Current works for determinization of general NBAs, such as [18, 21, 28, 35, 36, 38] can all be interpreted as different flavours of the Safra-Piterman based algorithm. Our determinization of NACs is also based on Safra-trees and inspired by Spot, except that we may have newly arriving states from other SCCs while other works only need to consider the successors from the current states in the Safra-tree. The modular approach for determinizing Büchi automata given in [17] builds on reduced split trees [21] and can construct the deterministic automaton with a given tree-width. The algorithm constructs the final deterministic automaton by running in parallel the NBA for all possible tree-widths, rather than working on SCCs independently as we do in this work.

Fig. 5.
figure 5

The family of NBAs \(\mathcal {A}_{n}\) with \(\varSigma = \{0,1, \cdots , n\}\).

Compared to the algorithms operating on the whole NBA, our algorithm can be exponentially better on the family of NBAs shown in Fig. 5, as formalized in Theorem 3; we can encounter some variation of this family of NBAs when working with fairness properties. The intuition is that we take care of the DACs \(\{q_{i}\}_{i = 1}^{n}\) independently, so for each of them we have only two choices: either the run is in the DAC, or it is not in the DAC; resulting in a single exponential number of combinations. Existing works [14, 21, 28, 33, 35, 36] order the runs entering the DACs based on when they visit accepting transitions, in which every order corresponds to a permutation of \(\{q_{1}, \cdots , q_{n}\}\).

Theorem 3

There exists a family of NBAs \(\mathcal {A}_{n}\) with \(n + 2\) states for which the algorithms in [14, 21, 28, 33, 35, 36] give a DPA with at least n! macrostates while ours gives a DELA with at most \(2^{n + 2}\) macrostates.

In practice, for each NBA \(\mathcal {A}_{n}\), \(n \ge 3\), COLA produces a DELA/DPA with n macrostates, while both Spot and Owl give a DPA with \(n! + 1\) macrostates.

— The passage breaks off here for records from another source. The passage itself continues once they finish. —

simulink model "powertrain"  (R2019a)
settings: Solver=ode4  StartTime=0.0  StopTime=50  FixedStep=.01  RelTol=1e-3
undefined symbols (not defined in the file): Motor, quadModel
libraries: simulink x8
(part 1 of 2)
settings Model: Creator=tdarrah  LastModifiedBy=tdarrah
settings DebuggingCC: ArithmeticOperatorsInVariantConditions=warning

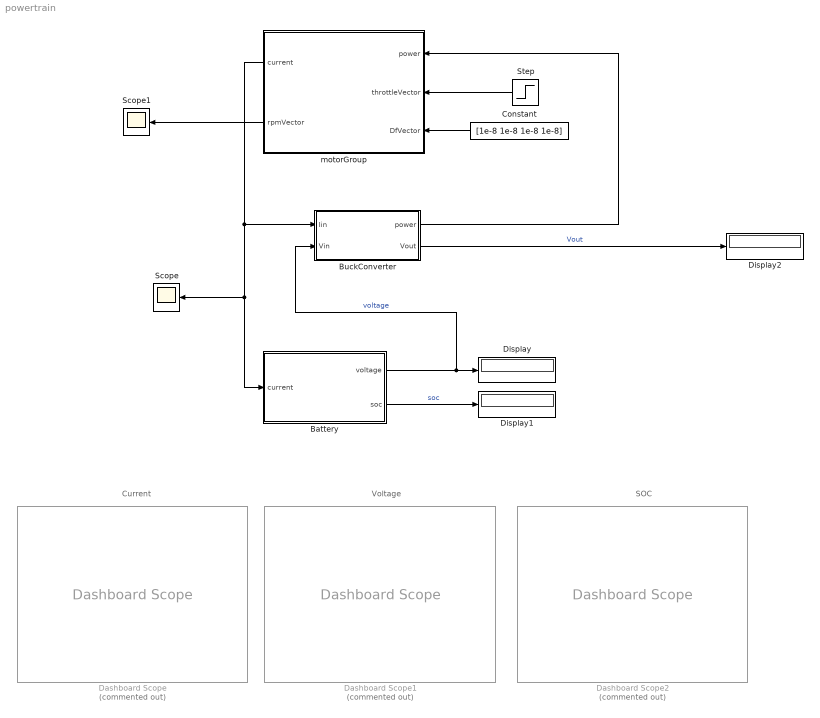
== system powertrain ==
  note: Current
  note: Voltage
  note: SOC
  Battery : Subsystem
  BuckConverter : Subsystem
  Constant : Constant  Value=[1e-8 1e-8 1e-8 1e-8]
  Dashboard Scope : DashboardScope  Commented=on  Ymin=-5  Ymax=10
  Dashboard Scope1 : DashboardScope  Commented=on  Ymin=8  Ymax=13
  Dashboard Scope2 : DashboardScope  Commented=on
  Display : Display
  Display1 : Display
  Display2 : Display
  Scope : Scope
  Scope1 : Scope
  Step : Step  After=[20 20 20 20]  SampleTime=0
  motorGroup : Subsystem
  wires:
  Battery/1(voltage) -> BuckConverter/2(Vin), Display/1  "voltage"
  Battery/2(soc) -> Display1/1  "soc"
  motorGroup/1(current) -> BuckConverter/1(Iin), Battery/1(current), Scope/1
  BuckConverter/1(power) -> motorGroup/1(power)
  BuckConverter/2(Vout) -> Display2/1  "Vout"
  Step/1 -> motorGroup/2(throttleVector)
  Constant/1 -> motorGroup/3(DfVector)
  motorGroup/2(rpmVector) -> Scope1/1

== system powertrain/Battery ==
  current : Inport
  Constant : Constant  Value=1e-4
  Equal : RelationalOperator  Operator=<=  OutDataTypeStr=boolean  RndMeth=Simplest
  Gain1 : Gain  Gain=1/3
  Level-2 MATLAB S-Function1 : M-S-Function  FunctionName=batterySfun4  Parameters=battery, soc_ocv, .01
      mask Display:
      | port_label('input', 1, 'current');
      | port_label('output', 1, 'voltage');
      | port_label('output', 2, 'soc');
  Level-2 MATLAB S-Function2 : M-S-Function  FunctionName=batterySfun4  Parameters=battery, soc_ocv, .01
      mask Display:
      | port_label('input', 1, 'current');
      | port_label('output', 1, 'voltage');
      | port_label('output', 2, 'soc');
  Level-2 MATLAB S-Function3 : M-S-Function  FunctionName=batterySfun4  Parameters=battery, soc_ocv, .01
      mask Display:
      | port_label('input', 1, 'current');
      | port_label('output', 1, 'voltage');
      | port_label('output', 2, 'soc');
  Scope : Scope
  Stop Simulation : Stop
  Sum : Sum  Inputs=+++
  Sum1 : Sum  Inputs=+++
  voltage : Outport
  soc : Outport  Port=2
  wires:
  Level-2 MATLAB S-Function2/1 -> Sum/2  "voltage"
  Level-2 MATLAB S-Function1/1 -> Sum/1  "voltage"
  Level-2 MATLAB S-Function2/2 -> Sum1/2  "soc"
  Sum1/1 -> Gain1/1
  Gain1/1 -> Equal/1, soc/1  "soc"
  Level-2 MATLAB S-Function1/2 -> Sum1/1  "soc"
  Level-2 MATLAB S-Function3/2 -> Sum1/3  "soc"
  current/1 -> Level-2 MATLAB S-Function3/1, Level-2 MATLAB S-Function1/1, Level-2 MATLAB S-Function2/1  "current"
  Level-2 MATLAB S-Function3/1 -> Sum/3  "voltage"
  Sum/1 -> voltage/1  "voltage"
  Level-2 MATLAB S-Function1/3 -> Scope/1
  Constant/1 -> Equal/2
  Equal/1 -> Stop Simulation/1

== system powertrain/BuckConverter ==
  Iin : Inport
  Vin : Inport  Port=2
  Constant : Constant  Value=0
  Constant2 : Constant  Value=11.4
  If : If  IfExpression=u1 > 10.5
  If Action Subsystem : Subsystem  TreatAsAtomicUnit=on
  If Action Subsystem1 : Subsystem  TreatAsAtomicUnit=on
  Product : Product
  Switch : Switch  Criteria=u2 > Threshold  Threshold=10.5
  power : Outport
  Vout : Outport  Port=2
  wires:
  Product/1 -> power/1
  Iin/1 -> Product/1
  If/1 -> If Action Subsystem/Action
  If/2 -> If Action Subsystem1/Action
  Constant/1 -> If Action Subsystem1/1(In1)
  If Action Subsystem/1(Out1) -> Switch/1
  If Action Subsystem1/1(Out1) -> Switch/3
  Constant2/1 -> If Action Subsystem/1(In1)
  Vin/1 -> Switch/2, If/1
  Switch/1 -> Product/2, Vout/1

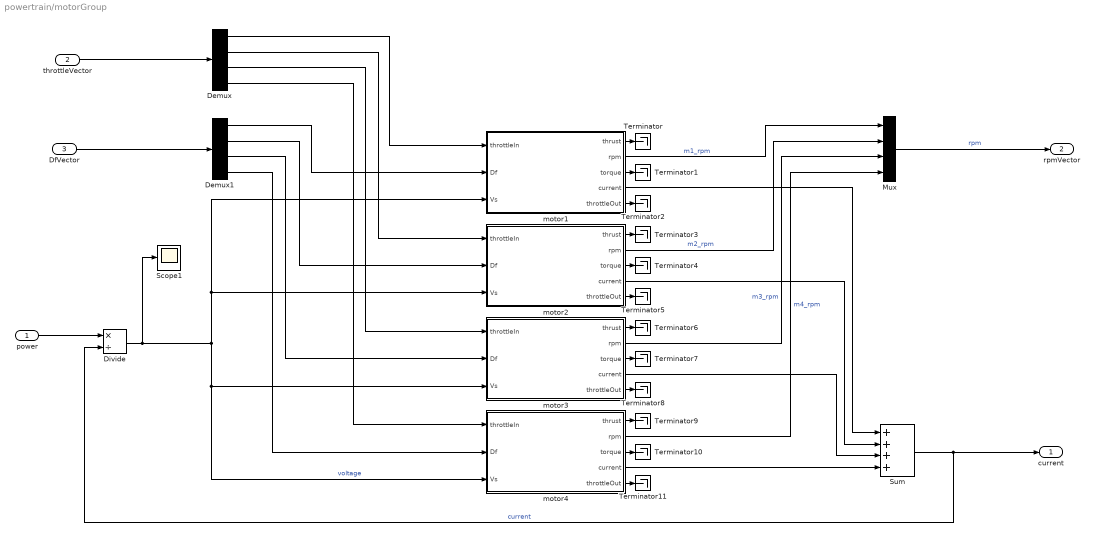
== system powertrain/motorGroup ==
  power : Inport
  throttleVector : Inport  Port=2  PortDimensions=4
  DfVector : Inport  Port=3  PortDimensions=4
  Demux : Demux
  Demux1 : Demux
  Divide : Product  Inputs=*/
  Mux : Mux
  Scope1 : Scope
  Sum : Sum  Inputs=++++
  Terminator{,1..11} (12 alike) : Terminator
  motor1 : Subsystem
  motor2 : Subsystem
  motor3 : Subsystem
  motor4 : Subsystem
  current : Outport
  rpmVector : Outport  Port=2
  wires:
  Demux1/2 -> motor2/2(Df)
  Demux1/4 -> motor4/2(Df)
  Divide/1 -> Scope1/1, motor1/3(Vs), motor2/3(Vs), motor4/3(Vs), motor3/3(Vs)  "voltage"
  Demux1/1 -> motor1/2(Df)
  Sum/1 -> current/1, Divide/2  "current"
  Demux1/3 -> motor3/2(Df)
  motor1/4(current) -> Sum/1
  power/1 -> Divide/1
  Demux/4 -> motor4/1(throttleIn)
  Demux/3 -> motor3/1(throttleIn)
  Demux/2 -> motor2/1(throttleIn)
  Demux/1 -> motor1/1(throttleIn)
  throttleVector/1 -> Demux/1
  DfVector/1 -> Demux1/1
  motor4/4(current) -> Sum/4
  motor3/4(current) -> Sum/3
  motor2/4(current) -> Sum/2
  motor4/2(rpm) -> Mux/4  "m4_rpm"
  motor3/2(rpm) -> Mux/3  "m3_rpm"
  motor2/2(rpm) -> Mux/2  "m2_rpm"
  motor1/2(rpm) -> Mux/1  "m1_rpm"
  Mux/1 -> rpmVector/1  "rpm"
  motor1/1(thrust) -> Terminator/1
  motor1/3(torque) -> Terminator1/1
  motor1/5(throttleOut) -> Terminator2/1
  motor2/5(throttleOut) -> Terminator5/1
  motor2/3(torque) -> Terminator4/1
  motor2/1(thrust) -> Terminator3/1
  motor3/5(throttleOut) -> Terminator8/1
  motor3/1(thrust) -> Terminator6/1
  motor3/3(torque) -> Terminator7/1
  motor4/5(throttleOut) -> Terminator11/1
  motor4/3(torque) -> Terminator10/1
  motor4/1(thrust) -> Terminator9/1

== system powertrain/BuckConverter/If Action Subsystem ==
  In1 : Inport
  Action Port : ActionPort  ActionPortLabel=if(u1 > 10.5)
  Out1 : Outport
  wires:
  In1/1 -> Out1/1

== system powertrain/BuckConverter/If Action Subsystem1 ==
  In1 : Inport
  Action Port : ActionPort  ActionPortLabel=else
  Out1 : Outport
  wires:
  In1/1 -> Out1/1

== system powertrain/motorGroup/motor1 ==
  note: Throttle cutoff can simulate the fact that the motor doesn't
      | spin until a minimum throttle point is reached. This introduces
      | a jump discontinuity in low throttle performance.
  note: These saturations model a SIGNAL LIMITATION.
      | Other intentional control saturations might be introduced in the
      | control loop to achieve better stability and consistency.
  throttleIn : Inport
  Df : Inport  Port=2
  Vs : Inport  Port=3
  Scope : Scope
  Signal_Saturation_4 : Saturate  UpperLimit=100  LowerLimit=0
  Throttle To RPM Gain and Cutoff_8 : Subsystem
  motorRotor4 : Subsystem
  thrust : Outport
  rpm : Outport  Port=2
  torque : Outport  Port=3
  current : Outport  Port=4
  throttleOut : Outport  Port=5
  wires:
  Throttle To RPM Gain and Cutoff_8/1(Out5) -> motorRotor4/1(V), Scope/1
  motorRotor4/4(current) -> current/1
  motorRotor4/2(rpm) -> rpm/1
  throttleIn/1 -> Signal_Saturation_4/1
  motorRotor4/3(torque) -> torque/1
  motorRotor4/1(thrust) -> thrust/1
  Signal_Saturation_4/1 -> Throttle To RPM Gain and Cutoff_8/1(In5), throttleOut/1
  Df/1 -> motorRotor4/2(Df)
  Vs/1 -> Throttle To RPM Gain and Cutoff_8/2(Vs)

== system powertrain/motorGroup/motor2 ==
  note: Throttle cutoff can simulate the fact that the motor doesn't
      | spin until a minimum throttle point is reached. This introduces
      | a jump discontinuity in low throttle performance.
  note: These saturations model a SIGNAL LIMITATION.
      | Other intentional control saturations might be introduced in the
      | control loop to achieve better stability and consistency.
  throttleIn : Inport
  Df : Inport  Port=2
  Vs : Inport  Port=3
  Scope : Scope
  Signal_Saturation_4 : Saturate  UpperLimit=100  LowerLimit=0
  Throttle To RPM Gain and Cutoff_8 : Subsystem
  motorRotor4 : Subsystem
  thrust : Outport
  rpm : Outport  Port=2
  torque : Outport  Port=3
  current : Outport  Port=4
  throttleOut : Outport  Port=5
  wires:
  Throttle To RPM Gain and Cutoff_8/1(Out5) -> motorRotor4/1(V), Scope/1
  motorRotor4/4(current) -> current/1
  motorRotor4/2(rpm) -> rpm/1
  throttleIn/1 -> Signal_Saturation_4/1
  motorRotor4/3(torque) -> torque/1
  motorRotor4/1(thrust) -> thrust/1
  Signal_Saturation_4/1 -> Throttle To RPM Gain and Cutoff_8/1(In5), throttleOut/1
  Df/1 -> motorRotor4/2(Df)
  Vs/1 -> Throttle To RPM Gain and Cutoff_8/2(Vs)

== system powertrain/motorGroup/motor3 ==
  note: Throttle cutoff can simulate the fact that the motor doesn't
      | spin until a minimum throttle point is reached. This introduces
      | a jump discontinuity in low throttle performance.
  note: These saturations model a SIGNAL LIMITATION.
      | Other intentional control saturations might be introduced in the
      | control loop to achieve better stability and consistency.
  throttleIn : Inport
  Df : Inport  Port=2
  Vs : Inport  Port=3
  Scope : Scope
  Signal_Saturation_4 : Saturate  UpperLimit=100  LowerLimit=0
  Throttle To RPM Gain and Cutoff_8 : Subsystem
  motorRotor4 : Subsystem
  thrust : Outport
  rpm : Outport  Port=2
  torque : Outport  Port=3
  current : Outport  Port=4
  throttleOut : Outport  Port=5
  wires:
  Throttle To RPM Gain and Cutoff_8/1(Out5) -> motorRotor4/1(V), Scope/1
  motorRotor4/4(current) -> current/1
  motorRotor4/2(rpm) -> rpm/1
  throttleIn/1 -> Signal_Saturation_4/1
  motorRotor4/3(torque) -> torque/1
  motorRotor4/1(thrust) -> thrust/1
  Signal_Saturation_4/1 -> Throttle To RPM Gain and Cutoff_8/1(In5), throttleOut/1
  Df/1 -> motorRotor4/2(Df)
  Vs/1 -> Throttle To RPM Gain and Cutoff_8/2(Vs)

== system powertrain/motorGroup/motor4 ==
  note: Throttle cutoff can simulate the fact that the motor doesn't
      | spin until a minimum throttle point is reached. This introduces
      | a jump discontinuity in low throttle performance.
  note: These saturations model a SIGNAL LIMITATION.
      | Other intentional control saturations might be introduced in the
      | control loop to achieve better stability and consistency.
  throttleIn : Inport
  Df : Inport  Port=2
  Vs : Inport  Port=3
  Scope : Scope
  Signal_Saturation_4 : Saturate  UpperLimit=100  LowerLimit=0
  Throttle To RPM Gain and Cutoff_8 : Subsystem
  motorRotor4 : Subsystem
  thrust : Outport
  rpm : Outport  Port=2
  torque : Outport  Port=3
  current : Outport  Port=4
  throttleOut : Outport  Port=5
  wires:
  Throttle To RPM Gain and Cutoff_8/1(Out5) -> motorRotor4/1(V), Scope/1
  motorRotor4/4(current) -> current/1
  motorRotor4/2(rpm) -> rpm/1
  throttleIn/1 -> Signal_Saturation_4/1
  motorRotor4/3(torque) -> torque/1
  motorRotor4/1(thrust) -> thrust/1
  Signal_Saturation_4/1 -> Throttle To RPM Gain and Cutoff_8/1(In5), throttleOut/1
  Df/1 -> motorRotor4/2(Df)
  Vs/1 -> Throttle To RPM Gain and Cutoff_8/2(Vs)

== system powertrain/motorGroup/motor1/Throttle To RPM Gain and Cutoff_8 ==
  note: Output equals linearly scaled RPM
      | for given throttle input if throttle input >=Throttle Cuttoff (minThr)
      | else output is zero.
  note: Output equals linearly scaled RPM
      | for given throttle input if throttle input >=Throttle Cuttoff (minThr)
      | else output is zero.
  In5 : Inport
  Vs : Inport  Port=2
  Constant1 : Constant  Commented=on  Value=quadModel.VoltMin
  Gain : Gain  Gain=.01
  Gain1 : Gain  Commented=on  Gain=quadModel.VoltSlope
  Minimum Throttle Cutoff : simulink/Logic and Bit Operations/Compare To Constant  relop=>=  const=5  OutDataTypeStr=uint8
  Minimum Throttle Cutoff1 : simulink/Logic and Bit Operations/Compare To Constant  Commented=on  relop=>=  const=quadModel.minThr  OutDataTypeStr=uint8
  Product : Product
  Product1 : Product  Commented=on
  Product2 : Product
  Sum2 : Sum  Commented=on  Inputs=++|
  Out5 : Outport
  wires:
  Minimum Throttle Cutoff/1 -> Product/2
  Product/1 -> Out5/1
  In5/1 -> Gain/1, Minimum Throttle Cutoff/1
  Gain/1 -> Product2/2
  Product2/1 -> Product/1
  Gain1/1 -> Sum2/2
  Constant1/1 -> Sum2/1
  Sum2/1 -> Product1/1
  Minimum Throttle Cutoff1/1 -> Product1/2
  Vs/1 -> Product2/1

== system powertrain/motorGroup/motor1/motorRotor4 ==
  V : Inport
  Df : Inport  Port=2
  Convert rad/s to rmp : Gain  Gain=60/(2*pi)
  Electrical part : Subsystem
  Mechanical part : Subsystem
  thrust : Outport
  rpm : Outport  Port=2
  torque : Outport  Port=3
  current : Outport  Port=4
  wires:
  Convert rad/s to rmp/1 -> rpm/1
  V/1 -> Electrical part/1(ESC voltage)
  Mechanical part/2(Thrust) -> thrust/1
  Electrical part/1(Electrical Torque) -> Mechanical part/2(Electrical Torque)
  Mechanical part/3(Torque) -> torque/1
  Mechanical part/1(w angular speed) -> Electrical part/2(w angular speed), Convert rad/s to rmp/1
  Df/1 -> Mechanical part/1(dynamicFriction)
  Electrical part/2(current) -> current/1

== system powertrain/motorGroup/motor2/Throttle To RPM Gain and Cutoff_8 ==
  note: Output equals linearly scaled RPM
      | for given throttle input if throttle input >=Throttle Cuttoff (minThr)
      | else output is zero.
  note: Output equals linearly scaled RPM
      | for given throttle input if throttle input >=Throttle Cuttoff (minThr)
      | else output is zero.
  In5 : Inport
  Vs : Inport  Port=2
  Constant1 : Constant  Commented=on  Value=quadModel.VoltMin
  Gain : Gain  Gain=.01
  Gain1 : Gain  Commented=on  Gain=quadModel.VoltSlope
  Minimum Throttle Cutoff : simulink/Logic and Bit Operations/Compare To Constant  relop=>=  const=5  OutDataTypeStr=uint8
  Minimum Throttle Cutoff1 : simulink/Logic and Bit Operations/Compare To Constant  Commented=on  relop=>=  const=quadModel.minThr  OutDataTypeStr=uint8
  Product : Product
  Product1 : Product  Commented=on
  Product2 : Product
  Sum2 : Sum  Commented=on  Inputs=++|
  Out5 : Outport
  wires:
  Minimum Throttle Cutoff/1 -> Product/2
  Product/1 -> Out5/1
  In5/1 -> Gain/1, Minimum Throttle Cutoff/1
  Gain/1 -> Product2/2
  Product2/1 -> Product/1
  Gain1/1 -> Sum2/2
  Constant1/1 -> Sum2/1
  Sum2/1 -> Product1/1
  Minimum Throttle Cutoff1/1 -> Product1/2
  Vs/1 -> Product2/1

== system powertrain/motorGroup/motor2/motorRotor4 ==
  V : Inport
  Df : Inport  Port=2
  Convert rad/s to rmp : Gain  Gain=60/(2*pi)
  Electrical part : Subsystem
  Mechanical part : Subsystem
  thrust : Outport
  rpm : Outport  Port=2
  torque : Outport  Port=3
  current : Outport  Port=4
  wires:
  Convert rad/s to rmp/1 -> rpm/1
  V/1 -> Electrical part/1(ESC voltage)
  Mechanical part/2(Thrust) -> thrust/1
  Electrical part/1(Electrical Torque) -> Mechanical part/2(Electrical Torque)
  Mechanical part/3(Torque) -> torque/1
  Mechanical part/1(w angular speed) -> Electrical part/2(w angular speed), Convert rad/s to rmp/1
  Df/1 -> Mechanical part/1(dynamicFriction)
  Electrical part/2(current) -> current/1

== system powertrain/motorGroup/motor3/Throttle To RPM Gain and Cutoff_8 ==
  note: Output equals linearly scaled RPM
      | for given throttle input if throttle input >=Throttle Cuttoff (minThr)
      | else output is zero.
  note: Output equals linearly scaled RPM
      | for given throttle input if throttle input >=Throttle Cuttoff (minThr)
      | else output is zero.
  In5 : Inport
  Vs : Inport  Port=2
  Constant1 : Constant  Commented=on  Value=quadModel.VoltMin
  Gain : Gain  Gain=.01
  Gain1 : Gain  Commented=on  Gain=quadModel.VoltSlope
  Minimum Throttle Cutoff : simulink/Logic and Bit Operations/Compare To Constant  relop=>=  const=5  OutDataTypeStr=uint8
  Minimum Throttle Cutoff1 : simulink/Logic and Bit Operations/Compare To Constant  Commented=on  relop=>=  const=quadModel.minThr  OutDataTypeStr=uint8
  Product : Product
  Product1 : Product  Commented=on
  Product2 : Product
  Sum2 : Sum  Commented=on  Inputs=++|
  Out5 : Outport
  wires:
  Minimum Throttle Cutoff/1 -> Product/2
  Product/1 -> Out5/1
  In5/1 -> Gain/1, Minimum Throttle Cutoff/1
  Gain/1 -> Product2/2
  Product2/1 -> Product/1
  Gain1/1 -> Sum2/2
  Constant1/1 -> Sum2/1
  Sum2/1 -> Product1/1
  Minimum Throttle Cutoff1/1 -> Product1/2
  Vs/1 -> Product2/1

== system powertrain/motorGroup/motor3/motorRotor4 ==
  V : Inport
  Df : Inport  Port=2
  Convert rad/s to rmp : Gain  Gain=60/(2*pi)
  Electrical part : Subsystem
  Mechanical part : Subsystem
  thrust : Outport
  rpm : Outport  Port=2
  torque : Outport  Port=3
  current : Outport  Port=4
  wires:
  Convert rad/s to rmp/1 -> rpm/1
  V/1 -> Electrical part/1(ESC voltage)
  Mechanical part/2(Thrust) -> thrust/1
  Electrical part/1(Electrical Torque) -> Mechanical part/2(Electrical Torque)
  Mechanical part/3(Torque) -> torque/1
  Mechanical part/1(w angular speed) -> Electrical part/2(w angular speed), Convert rad/s to rmp/1
  Df/1 -> Mechanical part/1(dynamicFriction)
  Electrical part/2(current) -> current/1

== system powertrain/motorGroup/motor4/Throttle To RPM Gain and Cutoff_8 ==
  note: Output equals linearly scaled RPM
      | for given throttle input if throttle input >=Throttle Cuttoff (minThr)
      | else output is zero.
  note: Output equals linearly scaled RPM
      | for given throttle input if throttle input >=Throttle Cuttoff (minThr)
      | else output is zero.
  In5 : Inport
  Vs : Inport  Port=2
  Constant1 : Constant  Commented=on  Value=quadModel.VoltMin
  Gain : Gain  Gain=.01
  Gain1 : Gain  Commented=on  Gain=quadModel.VoltSlope
  Minimum Throttle Cutoff : simulink/Logic and Bit Operations/Compare To Constant  relop=>=  const=5  OutDataTypeStr=uint8
  Minimum Throttle Cutoff1 : simulink/Logic and Bit Operations/Compare To Constant  Commented=on  relop=>=  const=quadModel.minThr  OutDataTypeStr=uint8
  Product : Product
  Product1 : Product  Commented=on
  Product2 : Product
  Sum2 : Sum  Commented=on  Inputs=++|
  Out5 : Outport
  wires:
  Minimum Throttle Cutoff/1 -> Product/2
  Product/1 -> Out5/1
  In5/1 -> Gain/1, Minimum Throttle Cutoff/1
  Gain/1 -> Product2/2
  Product2/1 -> Product/1
  Gain1/1 -> Sum2/2
  Constant1/1 -> Sum2/1
  Sum2/1 -> Product1/1
  Minimum Throttle Cutoff1/1 -> Product1/2
  Vs/1 -> Product2/1

== system powertrain/motorGroup/motor4/motorRotor4 ==
  V : Inport
  Df : Inport  Port=2
  Convert rad/s to rmp : Gain  Gain=60/(2*pi)
  Electrical part : Subsystem
  Mechanical part : Subsystem
  thrust : Outport
  rpm : Outport  Port=2
  torque : Outport  Port=3
  current : Outport  Port=4
  wires:
  Convert rad/s to rmp/1 -> rpm/1
  V/1 -> Electrical part/1(ESC voltage)
  Mechanical part/2(Thrust) -> thrust/1
  Electrical part/1(Electrical Torque) -> Mechanical part/2(Electrical Torque)
  Mechanical part/3(Torque) -> torque/1
  Mechanical part/1(w angular speed) -> Electrical part/2(w angular speed), Convert rad/s to rmp/1
  Df/1 -> Mechanical part/1(dynamicFriction)
  Electrical part/2(current) -> current/1

== system powertrain/motorGroup/motor1/motorRotor4/Electrical part ==
  ESC voltage : Inport
  w angular speed : Inport  Port=2
  1/R : Gain  Gain=1/Motor.Req
  Ke (Torque constant)1 : Gain  Gain=Motor.Ke_eq
  Kt (Torque constant) Kt=Ke for an ideal square wave motor : Gain  Gain=Motor.Ke_eq
  Quadcopter_Arm1 : Subsystem  Commented=on
  Sum : Sum  Inputs=|+-
  Electrical Torque : Outport
  current : Outport  Port=2
  wires:
  1/R/1 -> current/1, Kt (Torque constant) Kt=Ke for an ideal square wave motor/1  "current i"
  Sum/1 -> 1/R/1
  Kt (Torque constant) Kt=Ke for an ideal square wave motor/1 -> Electrical Torque/1
  Ke (Torque constant)1/1 -> Sum/2
  ESC voltage/1 -> Sum/1
  w angular speed/1 -> Ke (Torque constant)1/1

== system powertrain/motorGroup/motor1/motorRotor4/Mechanical part ==
  dynamicFriction : Inport
  Electrical Torque : Inport  Port=2
  1/J Inertia constant : Gain  Gain=1/Motor.J
  Convert rad/s to rmp : Gain  Gain=60/(2*pi)
  Integrator : Integrator  InitialCondition=419
  Product : Product
  "Propeller model " : MATLAB Function  TreatAsAtomicUnit=on
  Sum1 : Sum  Inputs=--+-
  staticFriction : Constant  Value=10e-7
  w angular speed : Outport
  Thrust : Outport  Port=2
  Torque : Outport  Port=3
  wires:
  "Propeller model "/1(torque) -> Sum1/1, Torque/1
  1/J Inertia constant/1 -> Integrator/1
  dynamicFriction/1 -> Product/2
  Product/1 -> Sum1/4
  Integrator/1 -> Product/1, w angular speed/1, Convert rad/s to rmp/1  "w angular speed"
  Sum1/1 -> 1/J Inertia constant/1
  Electrical Torque/1 -> Sum1/3
  Convert rad/s to rmp/1 -> "Propeller model "/1(rpm)
  "Propeller model "/2(thrust) -> Thrust/1
  staticFriction/1 -> Sum1/2

== system powertrain/motorGroup/motor2/motorRotor4/Electrical part ==
  ESC voltage : Inport
  w angular speed : Inport  Port=2
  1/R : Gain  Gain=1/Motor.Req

7 Conclusion and Future Work

We proposed a divide-and-conquer determinization construction for NBAs that takes advantage of the structure of different types of SCCs and determinizes them independently. In particular, our construction can be exponentially better than classical works on a family of NBAs. Experiments showed that our algorithm outperforms the state-of-the-art implementations regarding the number of states and transitions on a large set of benchmarks. To summarize, our divide-and-conquer determinization construction is very practical, being a good complement to existing theoretical approaches.

Our divide-and-conquer approach for NBAs can also be applied to the complementation problems of NBAs. By Proposition 1, w is not accepted by \(\mathcal {A}\) if and only if there are no accepting runs staying in an SCC. Thus we can construct a generalized Büchi automaton with a conjunction of \(\mathsf {Inf}(i)\) as the acceptance formula to accept the complement language \(\varSigma ^{\omega }\setminus \mathsf {L}(\mathcal {A})\) of \(\mathcal {A}\); the generalized Büchi automaton in fact takes the intersection of the complement language of each type of SCCs. For complementing IWCs, we use the same construction as determinization except that the acceptance formula will be \(\mathsf {Inf}(1)\). For complementing DACs, we can borrow the idea of NCSB complementation construction [4] which complements SDBAs in time \(4^{n}\). For complementing NACs, we just adapt the slice-based complementation [21] of general NBAs. We leave the details of this divide-and-conquer complementation construction for NBAs as future work.